From the Call for Papers:

The CHALLENGE of the Semantic Web is to allow the Web to move from a dissemination platform to an interactive platform for networked information. The Semantic Web promises to “fundamentally change our experience of the Web”.

In spite of improvements in the distribution, accessibility and retrieval of information, little has changed in the publishing industry so far. The Web has succeeded as a dissemination platform for scientific and non-scientific papers, news, and communication in general; however, most of that information remains locked up in discrete documents, which are poorly interconnected to one another and to the Web.

The connectivity tissues provided by RDF technology and the Social Web have barely made an impact on scientific communication nor on ebook publishing, neither on the format of publications, nor on repositories and digital libraries. The worst problem is in accessing and reusing the computable data which the literature represents and describes.

No, I am not going to say that topic maps are the magic bullet that will solve all those issues or the ones listed in their Questions and Topics of Interest.

What I do think topic maps bring to the table is an awareness that semantic interoperability isn’t primarily a format or computational problem.

Every new (and impliedly universal) format or model simply compounds the semantic interoperability problem.

By creating yet more formats and/or models between which semantic interoperability has to be designed.
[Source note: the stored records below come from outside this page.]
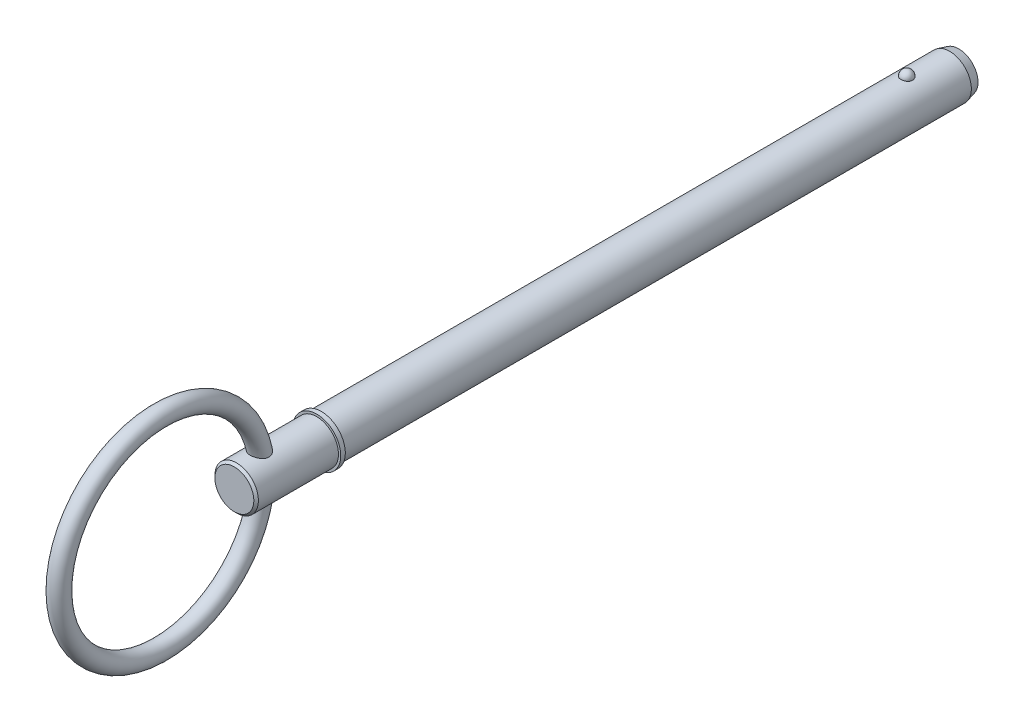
from build123d import *

# Parameters (mm, degrees)
SKETCH2_R           = 4.765
BOSS_EXTRUDE1_DEPTH = 127
BOSS_EXTRUDE2_START = 12.7
SKETCH3_R           = 4.765
BOSS_EXTRUDE2_DEPTH = 12.7
CHAMFER1_SIZE       = 2
CHAMFER1_SIZE2      = 0.535898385
SKETCH20_W          = 1
SKETCH20_H          = 5.265
SKETCH21_R          = 4.765
BOSS_EXTRUDE3_DEPTH = 19.05
CHAMFER2_SIZE       = 0.5
SKETCH24_R          = 2


with BuildPart() as part:
    # Sketch2 → Boss-Extrude1 (new body)
    with BuildSketch(Plane.XY):
        Circle(SKETCH2_R)
    extrude(amount=BOSS_EXTRUDE1_DEPTH)

    # Sketch3 → Boss-Extrude2 (add)
    with BuildSketch(Plane(origin=(0, 0, 0), x_dir=(-1, 0, 0), z_dir=(0, 0, -1)).offset(BOSS_EXTRUDE2_START)):
        Circle(SKETCH3_R)
    extrude(amount=-BOSS_EXTRUDE2_DEPTH)

    # Chamfer1
    chamfer1_edges = [part.edges().sort_by_distance(p)[0] for p in [
        (4.765, 0, -12.7),
    ]]
    chamfer1_side = [part.faces().sort_by_distance(p)[0] for p in [
        (4.765, 0, -6.35),
    ]]
    chamfer(chamfer1_edges, length=CHAMFER1_SIZE, length2=CHAMFER1_SIZE2, reference=chamfer1_side[0])

    # Sketch18 → Revolve1 (revolve)
    with BuildSketch(Plane(origin=(0, 0, 0), x_dir=(0, 0, -1), z_dir=(1, 0, 0))):
        with BuildLine():
            Line((1.29, 6.055), (1.29, 3.475))
            ThreePointArc((1.29, 3.475), (0, 4.765), (1.29, 6.055))
        make_face()
    revolve(axis=Axis((0, 6.055, -1.29), (0, -1, 0)))

    # Sketch20 → Revolve2 (revolve)
    with BuildSketch(Plane(origin=(0, 0, 0), x_dir=(0, 0, -1), z_dir=(1, 0, 0)), mode=Mode.PRIVATE) as revolve2_sk:
        with Locations((-127.5, 2.6325)):
            Rectangle(SKETCH20_W, SKETCH20_H)
    revolve(revolve2_sk.sketch.rotate(Axis((0, 0, 33.728787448), (0, 0, 1)), 90), axis=Axis((0, 0, 33.728787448), (0, 0, 1)))

    # Sketch21 → Boss-Extrude3 (add)
    with BuildSketch(Plane(origin=(0, 0, 127), x_dir=(-1, 0, 0), z_dir=(0, 0, -1))):
        Circle(SKETCH21_R)
    extrude(amount=-BOSS_EXTRUDE3_DEPTH)

    # Chamfer2
    chamfer2_edges = [part.edges().sort_by_distance(p)[0] for p in [
        (4.765, 0, 146.05),
    ]]
    chamfer(chamfer2_edges, length=CHAMFER2_SIZE)

    # Sweep1: sweep along a path in Sketch23
    with BuildLine(Plane(origin=(0, 0, 0), x_dir=(0, 0, -1), z_dir=(1, 0, 0))) as sweep1_path:
        CenterArc((-162.275, 0), 22.225, 0, 360)
    # Sketch24 → Sweep1 (sweep)
    with BuildSketch(Plane(origin=(0, 0, 0), x_dir=(1, 0, 0), z_dir=(0, 1, 0))):
        with Locations((0, -140.05)):
            Circle(SKETCH24_R)
    sweep(path=sweep1_path.line)


solid = part.part
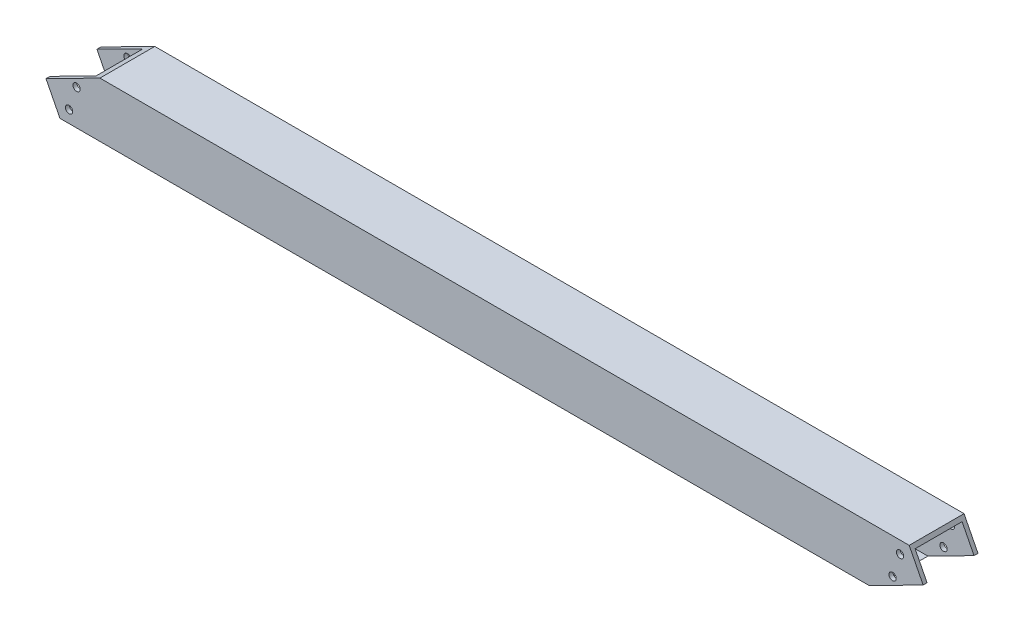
ISO-10303-21;
HEADER;
FILE_DESCRIPTION(('STEP AP214'),'2;1');
FILE_NAME('part.step','',(''),(''),'','','');
FILE_SCHEMA(('AUTOMOTIVE_DESIGN { 1 0 10303 214 1 1 1 1 }'));
ENDSEC;
DATA;
#1=APPLICATION_CONTEXT('core data for automotive mechanical design processes');
#2=APPLICATION_PROTOCOL_DEFINITION('international standard','automotive_design',2000,#1);
#3=PRODUCT_CONTEXT('',#1,'mechanical');
#4=PRODUCT('Part','Part','',(#3));
#5=PRODUCT_RELATED_PRODUCT_CATEGORY('part','',(#4));
#6=PRODUCT_DEFINITION_FORMATION('','',#4);
#7=PRODUCT_DEFINITION_CONTEXT('part definition',#1,'design');
#8=PRODUCT_DEFINITION('design','',#6,#7);
#9=PRODUCT_DEFINITION_SHAPE('','',#8);
#10=(LENGTH_UNIT() NAMED_UNIT(*) SI_UNIT(.MILLI.,.METRE.));
#11=(NAMED_UNIT(*) PLANE_ANGLE_UNIT() SI_UNIT($,.RADIAN.));
#12=(NAMED_UNIT(*) SI_UNIT($,.STERADIAN.) SOLID_ANGLE_UNIT());
#13=UNCERTAINTY_MEASURE_WITH_UNIT(LENGTH_MEASURE(1.E-05),#10,'distance_accuracy_value','');
#14=(GEOMETRIC_REPRESENTATION_CONTEXT(3) GLOBAL_UNCERTAINTY_ASSIGNED_CONTEXT((#13)) GLOBAL_UNIT_ASSIGNED_CONTEXT((#10,
#11,#12)) REPRESENTATION_CONTEXT('',''));
#15=CARTESIAN_POINT('',(0.,0.,0.));
#16=DIRECTION('',(0.,0.,1.));
#17=DIRECTION('',(1.,0.,0.));
#18=AXIS2_PLACEMENT_3D('',#15,#16,#17);
#19=CARTESIAN_POINT('',(3048.,47.1424000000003,-3.65759999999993));
#20=DIRECTION('',(0.,-1.,0.));
#21=DIRECTION('',(0.,0.,-1.));
#22=AXIS2_PLACEMENT_3D('',#19,#20,#21);
#23=PLANE('',#22);
#24=DIRECTION('',(-1.,0.,0.));
#25=VECTOR('',#24,1.);
#26=CARTESIAN_POINT('',(3048.,47.1424000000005,-47.1423999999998));
#27=LINE('',#26,#25);
#28=CARTESIAN_POINT('',(3036.93807719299,47.1424000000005,-47.1423999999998));
#29=VERTEX_POINT('',#28);
#30=CARTESIAN_POINT('',(2278.53059273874,47.1424000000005,-47.1423999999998));
#31=VERTEX_POINT('',#30);
#32=EDGE_CURVE('E195',#29,#31,#27,.T.);
#33=ORIENTED_EDGE('',*,*,#32,.F.);
#34=DIRECTION('',(0.,0.,0.999999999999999));
#35=VECTOR('',#34,1.);
#36=CARTESIAN_POINT('',(3036.93807719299,47.1424000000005,-3.6575999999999));
#37=LINE('',#36,#35);
#38=CARTESIAN_POINT('',(3036.93807719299,47.1424000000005,-3.6575999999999));
#39=VERTEX_POINT('',#38);
#40=EDGE_CURVE('E216',#29,#39,#37,.T.);
#41=ORIENTED_EDGE('',*,*,#40,.T.);
#42=DIRECTION('',(-1.,0.,0.));
#43=VECTOR('',#42,1.);
#44=CARTESIAN_POINT('',(3048.,47.1424000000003,-3.65759999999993));
#45=LINE('',#44,#43);
#46=CARTESIAN_POINT('',(2278.53059273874,47.1424000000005,-3.65759999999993));
#47=VERTEX_POINT('',#46);
#48=EDGE_CURVE('E192',#39,#47,#45,.T.);
#49=ORIENTED_EDGE('',*,*,#48,.T.);
#50=DIRECTION('',(0.,0.,-0.999999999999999));
#51=VECTOR('',#50,1.);
#52=CARTESIAN_POINT('',(2278.53059273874,47.1424000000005,-3.65759999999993));
#53=LINE('',#52,#51);
#54=EDGE_CURVE('E213',#47,#31,#53,.T.);
#55=ORIENTED_EDGE('',*,*,#54,.T.);
#56=EDGE_LOOP('',(#33,#41,#49,#55));
#57=FACE_BOUND('',#56,.T.);
#58=ADVANCED_FACE('F30',(#57),#23,.T.);
#59=CARTESIAN_POINT('',(3048.,47.1424000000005,-47.1423999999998));
#60=DIRECTION('',(0.,0.,1.));
#61=DIRECTION('',(0.,-1.,0.));
#62=AXIS2_PLACEMENT_3D('',#59,#60,#61);
#63=PLANE('',#62);
#64=CARTESIAN_POINT('',(2264.09562739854,32.6736942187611,-47.1423999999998));
#65=DIRECTION('',(0.,0.,1.));
#66=DIRECTION('',(0.,-1.,0.));
#67=AXIS2_PLACEMENT_3D('',#64,#65,#66);
#68=CIRCLE('',#67,3.37312000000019);
#69=CARTESIAN_POINT('',(2267.46874739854,32.6736942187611,-47.1423999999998));
#70=VERTEX_POINT('',#69);
#71=EDGE_CURVE('E350',#70,#70,#68,.T.);
#72=ORIENTED_EDGE('',*,*,#71,.F.);
#73=EDGE_LOOP('',(#72));
#74=FACE_BOUND('',#73,.T.);
#75=CARTESIAN_POINT('',(2257.14522240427,11.3260217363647,-47.1424));
#76=DIRECTION('',(0.,0.,1.));
#77=DIRECTION('',(0.,-1.,0.));
#78=AXIS2_PLACEMENT_3D('',#75,#76,#77);
#79=CIRCLE('',#78,3.37312000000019);
#80=CARTESIAN_POINT('',(2260.51834240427,11.3260217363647,-47.1424));
#81=VERTEX_POINT('',#80);
#82=EDGE_CURVE('E360',#81,#81,#79,.T.);
#83=ORIENTED_EDGE('',*,*,#82,.F.);
#84=EDGE_LOOP('',(#83));
#85=FACE_BOUND('',#84,.T.);
#86=CARTESIAN_POINT('',(3019.69990327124,18.126305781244,-47.1423999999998));
#87=DIRECTION('',(0.,0.,1.));
#88=DIRECTION('',(0.,-1.,0.));
#89=AXIS2_PLACEMENT_3D('',#86,#87,#88);
#90=CIRCLE('',#89,3.37312000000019);
#91=CARTESIAN_POINT('',(3023.07302327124,18.126305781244,-47.1423999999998));
#92=VERTEX_POINT('',#91);
#93=EDGE_CURVE('E297',#92,#92,#90,.T.);
#94=ORIENTED_EDGE('',*,*,#93,.F.);
#95=EDGE_LOOP('',(#94));
#96=FACE_BOUND('',#95,.T.);
#97=CARTESIAN_POINT('',(3026.65030826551,39.47397826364,-47.1423999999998));
#98=DIRECTION('',(0.,0.,1.));
#99=DIRECTION('',(0.,-1.,0.));
#100=AXIS2_PLACEMENT_3D('',#97,#98,#99);
#101=CIRCLE('',#100,3.37312000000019);
#102=CARTESIAN_POINT('',(3030.02342826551,39.47397826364,-47.1423999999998));
#103=VERTEX_POINT('',#102);
#104=EDGE_CURVE('E150',#103,#103,#101,.T.);
#105=ORIENTED_EDGE('',*,*,#104,.F.);
#106=EDGE_LOOP('',(#105));
#107=FACE_BOUND('',#106,.T.);
#108=DIRECTION('',(-1.,0.,0.));
#109=VECTOR('',#108,1.);
#110=CARTESIAN_POINT('',(3048.,3.65760000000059,-47.1423999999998));
#111=LINE('',#110,#109);
#112=CARTESIAN_POINT('',(3005.26493793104,3.65760000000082,-47.1423999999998));
#113=VERTEX_POINT('',#112);
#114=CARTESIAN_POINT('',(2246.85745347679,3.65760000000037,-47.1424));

Starting with the question of what subjects need to be identified and how they are identified now could lead to a viable, local semantic interoperability solution.

What more could a client want?

Local semantic interoperability solutions can form the basis for spreading semantic interoperability, one solution at a time.

*****
PS: Forgot the important dates:

Paper/Demo Submission Deadline: February 28, 23:59 Hawaii Time

Acceptance Notification: April 1

Camera Ready Version: April 15

SePublica Workshop: May 29 or May 30 (to be announced)

December 19, 2010

OWL, Ontologies, Formats, Punch Cards, Oh My!

Filed under: Linked Data,OWL,Semantic Web,Topic Maps — Patrick Durusau @ 2:03 pm

Edwin Black’s IBM and the Holocaust reports that one aspect of the use of IBM punch card technology by the Nazis (and others) was the monopoly that IBM maintained on the manufacture of the punch cards.

The IBM machines could only use IBM punch cards.

The IBM machines could only use IBM punch cards.

The repetition was intentional. Think about that statement in a more modern context.

When we talk about Linked Data, or OWL, or Cyc, or SUMO, etc. (yes, I am aware that I am mixing formats and ontologies), isn’t that the same thing?

They are not physical monopolies like IBM punch cards but rather are intellectual monopolies.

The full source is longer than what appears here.